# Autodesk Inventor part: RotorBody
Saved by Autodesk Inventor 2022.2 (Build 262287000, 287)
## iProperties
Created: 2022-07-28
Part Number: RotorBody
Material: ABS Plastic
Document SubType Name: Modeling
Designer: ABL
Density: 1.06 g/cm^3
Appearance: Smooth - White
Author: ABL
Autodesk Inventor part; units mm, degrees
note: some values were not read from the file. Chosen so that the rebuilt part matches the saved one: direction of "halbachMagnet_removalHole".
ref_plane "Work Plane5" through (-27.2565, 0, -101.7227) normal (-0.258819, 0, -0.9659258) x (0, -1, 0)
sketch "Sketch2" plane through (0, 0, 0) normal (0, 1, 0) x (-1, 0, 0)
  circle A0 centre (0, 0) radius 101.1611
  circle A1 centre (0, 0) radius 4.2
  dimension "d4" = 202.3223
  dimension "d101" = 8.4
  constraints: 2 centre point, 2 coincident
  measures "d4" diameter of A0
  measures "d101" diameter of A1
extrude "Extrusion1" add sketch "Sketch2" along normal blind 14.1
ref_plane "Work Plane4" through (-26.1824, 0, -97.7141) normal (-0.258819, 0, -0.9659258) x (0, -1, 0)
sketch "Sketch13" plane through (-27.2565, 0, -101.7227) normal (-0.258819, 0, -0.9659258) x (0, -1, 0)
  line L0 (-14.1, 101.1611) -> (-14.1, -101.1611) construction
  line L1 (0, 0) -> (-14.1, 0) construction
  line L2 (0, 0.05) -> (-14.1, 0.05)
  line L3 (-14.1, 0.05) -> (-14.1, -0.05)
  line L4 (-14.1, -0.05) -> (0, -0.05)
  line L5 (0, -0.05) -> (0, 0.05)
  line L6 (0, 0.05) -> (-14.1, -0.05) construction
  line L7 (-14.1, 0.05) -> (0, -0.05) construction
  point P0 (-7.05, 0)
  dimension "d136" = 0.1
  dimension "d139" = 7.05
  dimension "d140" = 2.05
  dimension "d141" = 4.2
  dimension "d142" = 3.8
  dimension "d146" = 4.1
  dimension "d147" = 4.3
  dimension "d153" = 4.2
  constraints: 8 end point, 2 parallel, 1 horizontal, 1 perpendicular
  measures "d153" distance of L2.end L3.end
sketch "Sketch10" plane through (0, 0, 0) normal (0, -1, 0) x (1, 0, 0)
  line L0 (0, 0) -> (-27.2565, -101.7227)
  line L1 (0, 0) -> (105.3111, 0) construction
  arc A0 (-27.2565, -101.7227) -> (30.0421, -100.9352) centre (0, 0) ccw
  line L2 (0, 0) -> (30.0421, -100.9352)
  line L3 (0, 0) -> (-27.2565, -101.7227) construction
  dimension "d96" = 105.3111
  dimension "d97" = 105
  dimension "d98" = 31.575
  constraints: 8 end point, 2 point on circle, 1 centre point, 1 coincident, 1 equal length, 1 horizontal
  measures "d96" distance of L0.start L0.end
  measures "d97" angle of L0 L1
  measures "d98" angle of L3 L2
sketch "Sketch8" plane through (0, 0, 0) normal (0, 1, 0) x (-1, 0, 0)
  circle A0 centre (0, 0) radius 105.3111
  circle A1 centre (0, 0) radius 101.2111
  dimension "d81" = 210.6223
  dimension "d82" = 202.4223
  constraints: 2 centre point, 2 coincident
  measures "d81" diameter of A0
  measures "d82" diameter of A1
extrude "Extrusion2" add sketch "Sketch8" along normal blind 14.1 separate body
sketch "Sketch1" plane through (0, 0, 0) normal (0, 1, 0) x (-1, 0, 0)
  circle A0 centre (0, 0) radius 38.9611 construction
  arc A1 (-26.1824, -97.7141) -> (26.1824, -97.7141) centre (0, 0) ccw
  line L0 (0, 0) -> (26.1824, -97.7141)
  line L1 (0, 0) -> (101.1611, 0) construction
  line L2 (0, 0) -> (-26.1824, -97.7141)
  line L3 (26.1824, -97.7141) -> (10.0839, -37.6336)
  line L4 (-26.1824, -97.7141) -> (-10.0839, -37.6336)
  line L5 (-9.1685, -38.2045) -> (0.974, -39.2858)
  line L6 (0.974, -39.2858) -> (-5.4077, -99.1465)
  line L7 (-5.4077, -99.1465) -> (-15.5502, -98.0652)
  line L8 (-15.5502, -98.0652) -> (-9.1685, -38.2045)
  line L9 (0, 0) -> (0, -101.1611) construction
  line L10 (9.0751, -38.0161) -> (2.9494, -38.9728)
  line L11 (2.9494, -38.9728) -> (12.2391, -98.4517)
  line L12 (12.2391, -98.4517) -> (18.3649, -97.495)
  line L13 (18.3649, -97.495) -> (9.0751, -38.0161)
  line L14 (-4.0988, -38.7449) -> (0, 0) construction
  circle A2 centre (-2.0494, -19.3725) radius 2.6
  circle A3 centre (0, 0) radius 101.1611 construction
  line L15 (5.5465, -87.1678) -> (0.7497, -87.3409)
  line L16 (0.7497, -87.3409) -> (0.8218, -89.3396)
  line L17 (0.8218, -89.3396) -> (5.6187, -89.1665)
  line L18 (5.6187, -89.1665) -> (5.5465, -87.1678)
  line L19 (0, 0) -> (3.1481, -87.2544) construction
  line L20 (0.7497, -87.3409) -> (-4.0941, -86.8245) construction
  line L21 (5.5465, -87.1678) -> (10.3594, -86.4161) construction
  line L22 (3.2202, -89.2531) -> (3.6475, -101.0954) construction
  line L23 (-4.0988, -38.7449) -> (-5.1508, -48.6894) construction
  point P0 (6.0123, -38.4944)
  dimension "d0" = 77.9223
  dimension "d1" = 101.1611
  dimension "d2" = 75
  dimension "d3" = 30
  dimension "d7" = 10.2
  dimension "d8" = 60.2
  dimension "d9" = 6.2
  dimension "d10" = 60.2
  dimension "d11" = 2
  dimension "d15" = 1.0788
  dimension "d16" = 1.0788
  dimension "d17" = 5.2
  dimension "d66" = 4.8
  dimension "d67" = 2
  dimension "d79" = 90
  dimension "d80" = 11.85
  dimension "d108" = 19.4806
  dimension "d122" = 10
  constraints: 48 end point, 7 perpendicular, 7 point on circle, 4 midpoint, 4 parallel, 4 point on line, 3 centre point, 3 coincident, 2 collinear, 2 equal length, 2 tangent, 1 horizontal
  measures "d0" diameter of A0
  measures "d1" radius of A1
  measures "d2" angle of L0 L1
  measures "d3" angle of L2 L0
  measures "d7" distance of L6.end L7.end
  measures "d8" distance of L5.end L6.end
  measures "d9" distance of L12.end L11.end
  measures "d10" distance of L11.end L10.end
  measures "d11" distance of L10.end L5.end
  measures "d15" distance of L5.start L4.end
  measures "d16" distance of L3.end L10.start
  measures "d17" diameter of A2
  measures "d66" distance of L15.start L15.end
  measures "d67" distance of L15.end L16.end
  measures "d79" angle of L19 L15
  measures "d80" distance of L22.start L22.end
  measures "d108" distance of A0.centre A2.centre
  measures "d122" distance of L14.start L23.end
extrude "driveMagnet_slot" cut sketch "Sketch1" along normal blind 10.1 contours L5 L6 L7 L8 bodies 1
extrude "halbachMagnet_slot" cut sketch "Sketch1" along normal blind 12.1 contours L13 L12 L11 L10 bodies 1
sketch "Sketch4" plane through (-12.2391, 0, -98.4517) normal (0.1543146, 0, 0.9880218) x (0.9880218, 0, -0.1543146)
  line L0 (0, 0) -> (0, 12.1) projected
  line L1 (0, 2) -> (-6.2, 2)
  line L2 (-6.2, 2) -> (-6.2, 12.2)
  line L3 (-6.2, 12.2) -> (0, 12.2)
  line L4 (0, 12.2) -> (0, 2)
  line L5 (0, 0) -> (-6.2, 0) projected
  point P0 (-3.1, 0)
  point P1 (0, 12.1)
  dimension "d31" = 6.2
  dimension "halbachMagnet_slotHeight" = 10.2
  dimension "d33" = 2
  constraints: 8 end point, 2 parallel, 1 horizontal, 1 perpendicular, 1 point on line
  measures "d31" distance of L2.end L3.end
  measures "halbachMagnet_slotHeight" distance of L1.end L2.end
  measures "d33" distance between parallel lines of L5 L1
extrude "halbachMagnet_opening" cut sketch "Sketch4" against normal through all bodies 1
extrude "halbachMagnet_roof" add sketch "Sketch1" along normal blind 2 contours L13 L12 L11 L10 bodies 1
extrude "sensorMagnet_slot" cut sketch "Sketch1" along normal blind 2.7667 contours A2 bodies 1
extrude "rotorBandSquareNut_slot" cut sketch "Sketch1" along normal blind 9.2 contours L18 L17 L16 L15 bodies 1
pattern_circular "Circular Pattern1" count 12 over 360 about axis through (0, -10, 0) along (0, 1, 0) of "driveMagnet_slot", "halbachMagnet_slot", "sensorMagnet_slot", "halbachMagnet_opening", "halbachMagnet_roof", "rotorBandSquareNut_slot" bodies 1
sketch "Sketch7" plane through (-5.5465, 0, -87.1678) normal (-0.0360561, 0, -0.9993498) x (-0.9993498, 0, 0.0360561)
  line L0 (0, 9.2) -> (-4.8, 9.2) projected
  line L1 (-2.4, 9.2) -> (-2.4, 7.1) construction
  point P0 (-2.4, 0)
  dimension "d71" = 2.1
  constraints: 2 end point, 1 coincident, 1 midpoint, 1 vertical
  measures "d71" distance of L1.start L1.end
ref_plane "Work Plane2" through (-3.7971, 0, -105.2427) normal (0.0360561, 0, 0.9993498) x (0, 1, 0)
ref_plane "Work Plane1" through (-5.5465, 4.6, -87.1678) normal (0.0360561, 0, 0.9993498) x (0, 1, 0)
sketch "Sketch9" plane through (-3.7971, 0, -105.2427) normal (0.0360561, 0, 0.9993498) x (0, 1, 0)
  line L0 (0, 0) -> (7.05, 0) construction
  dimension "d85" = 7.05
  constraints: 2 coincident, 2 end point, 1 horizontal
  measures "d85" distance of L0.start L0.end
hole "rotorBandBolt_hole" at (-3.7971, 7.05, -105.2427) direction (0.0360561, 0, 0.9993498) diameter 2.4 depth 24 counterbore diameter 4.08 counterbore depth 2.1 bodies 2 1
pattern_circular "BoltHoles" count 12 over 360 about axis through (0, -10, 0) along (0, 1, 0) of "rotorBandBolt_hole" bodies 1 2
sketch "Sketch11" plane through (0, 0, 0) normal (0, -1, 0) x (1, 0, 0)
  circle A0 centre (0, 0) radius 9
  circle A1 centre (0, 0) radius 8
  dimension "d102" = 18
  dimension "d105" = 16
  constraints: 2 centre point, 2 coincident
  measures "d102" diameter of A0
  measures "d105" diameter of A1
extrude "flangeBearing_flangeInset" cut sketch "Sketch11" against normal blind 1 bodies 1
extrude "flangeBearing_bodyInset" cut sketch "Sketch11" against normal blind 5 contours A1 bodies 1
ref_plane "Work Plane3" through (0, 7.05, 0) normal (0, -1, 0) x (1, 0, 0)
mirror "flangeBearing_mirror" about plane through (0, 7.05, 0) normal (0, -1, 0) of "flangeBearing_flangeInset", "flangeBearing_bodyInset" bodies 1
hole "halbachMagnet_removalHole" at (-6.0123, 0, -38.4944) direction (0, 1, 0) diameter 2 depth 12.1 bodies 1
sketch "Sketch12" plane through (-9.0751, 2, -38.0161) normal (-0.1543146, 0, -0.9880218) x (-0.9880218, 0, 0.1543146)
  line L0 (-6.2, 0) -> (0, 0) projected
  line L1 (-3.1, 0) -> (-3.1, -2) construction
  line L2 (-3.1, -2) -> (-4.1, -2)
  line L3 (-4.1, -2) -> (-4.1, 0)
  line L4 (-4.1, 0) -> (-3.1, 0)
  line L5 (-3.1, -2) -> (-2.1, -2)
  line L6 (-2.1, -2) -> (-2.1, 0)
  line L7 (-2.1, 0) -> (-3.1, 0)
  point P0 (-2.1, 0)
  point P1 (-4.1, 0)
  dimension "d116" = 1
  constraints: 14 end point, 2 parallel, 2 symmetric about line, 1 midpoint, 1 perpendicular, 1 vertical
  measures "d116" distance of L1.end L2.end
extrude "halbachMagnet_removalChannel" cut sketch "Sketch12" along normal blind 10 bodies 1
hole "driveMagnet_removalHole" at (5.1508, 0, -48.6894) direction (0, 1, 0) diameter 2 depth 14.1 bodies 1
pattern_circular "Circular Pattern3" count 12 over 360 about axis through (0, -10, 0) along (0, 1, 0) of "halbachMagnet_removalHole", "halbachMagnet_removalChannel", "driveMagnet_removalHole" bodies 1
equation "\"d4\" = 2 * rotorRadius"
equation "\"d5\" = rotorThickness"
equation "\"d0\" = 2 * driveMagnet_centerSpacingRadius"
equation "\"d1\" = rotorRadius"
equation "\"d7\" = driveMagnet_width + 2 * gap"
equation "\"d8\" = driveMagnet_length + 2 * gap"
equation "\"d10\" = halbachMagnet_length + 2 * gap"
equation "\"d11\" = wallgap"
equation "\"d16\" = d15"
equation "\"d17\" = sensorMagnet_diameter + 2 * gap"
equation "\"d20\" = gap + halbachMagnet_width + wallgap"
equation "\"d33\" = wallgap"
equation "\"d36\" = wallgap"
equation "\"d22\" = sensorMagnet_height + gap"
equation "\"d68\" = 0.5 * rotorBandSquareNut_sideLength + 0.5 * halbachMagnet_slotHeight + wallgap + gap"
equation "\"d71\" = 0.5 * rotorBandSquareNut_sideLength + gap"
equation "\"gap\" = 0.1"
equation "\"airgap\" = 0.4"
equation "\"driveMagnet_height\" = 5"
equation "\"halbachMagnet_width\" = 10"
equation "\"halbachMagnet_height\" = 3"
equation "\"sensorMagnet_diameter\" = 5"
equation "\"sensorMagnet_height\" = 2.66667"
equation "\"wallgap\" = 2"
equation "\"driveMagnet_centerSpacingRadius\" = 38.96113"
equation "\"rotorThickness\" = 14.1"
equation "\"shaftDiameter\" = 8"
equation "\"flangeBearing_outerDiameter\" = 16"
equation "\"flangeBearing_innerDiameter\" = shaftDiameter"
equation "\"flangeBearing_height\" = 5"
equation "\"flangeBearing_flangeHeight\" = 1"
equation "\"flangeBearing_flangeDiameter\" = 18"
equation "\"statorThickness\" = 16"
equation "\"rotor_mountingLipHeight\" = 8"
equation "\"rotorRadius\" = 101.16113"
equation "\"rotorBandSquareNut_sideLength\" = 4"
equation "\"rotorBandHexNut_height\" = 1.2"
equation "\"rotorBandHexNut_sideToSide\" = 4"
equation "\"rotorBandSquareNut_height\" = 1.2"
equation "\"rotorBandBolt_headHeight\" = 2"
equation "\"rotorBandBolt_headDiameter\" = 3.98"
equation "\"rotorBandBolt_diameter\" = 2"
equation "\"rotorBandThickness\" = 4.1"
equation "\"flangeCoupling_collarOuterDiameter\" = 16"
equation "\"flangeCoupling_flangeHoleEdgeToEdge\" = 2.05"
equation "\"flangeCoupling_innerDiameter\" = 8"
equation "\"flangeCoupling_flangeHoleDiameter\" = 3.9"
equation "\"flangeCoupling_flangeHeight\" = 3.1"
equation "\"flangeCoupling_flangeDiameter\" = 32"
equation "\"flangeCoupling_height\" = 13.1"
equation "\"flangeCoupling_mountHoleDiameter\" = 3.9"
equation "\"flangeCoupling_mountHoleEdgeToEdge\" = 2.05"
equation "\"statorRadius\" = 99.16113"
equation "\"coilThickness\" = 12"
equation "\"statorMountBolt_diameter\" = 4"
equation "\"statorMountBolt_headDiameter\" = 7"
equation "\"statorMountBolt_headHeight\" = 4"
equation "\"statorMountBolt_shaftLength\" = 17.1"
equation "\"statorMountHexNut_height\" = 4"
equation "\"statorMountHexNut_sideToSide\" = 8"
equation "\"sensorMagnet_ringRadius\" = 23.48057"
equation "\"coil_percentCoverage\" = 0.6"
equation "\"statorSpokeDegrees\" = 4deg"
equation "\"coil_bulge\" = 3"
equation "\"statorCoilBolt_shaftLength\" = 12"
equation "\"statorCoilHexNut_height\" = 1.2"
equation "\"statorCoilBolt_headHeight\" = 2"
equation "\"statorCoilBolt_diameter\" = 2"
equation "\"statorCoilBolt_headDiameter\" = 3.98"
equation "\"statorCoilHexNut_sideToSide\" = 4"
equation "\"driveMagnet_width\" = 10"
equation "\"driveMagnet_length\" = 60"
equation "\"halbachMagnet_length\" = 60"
■ ■ ■ ■ ■
- Goal of the exercise -
From the data, list each line in which the string "rotorThickness" appears.

- Response -
equation "\"d5\" = rotorThickness"
equation "\"rotorThickness\" = 14.1"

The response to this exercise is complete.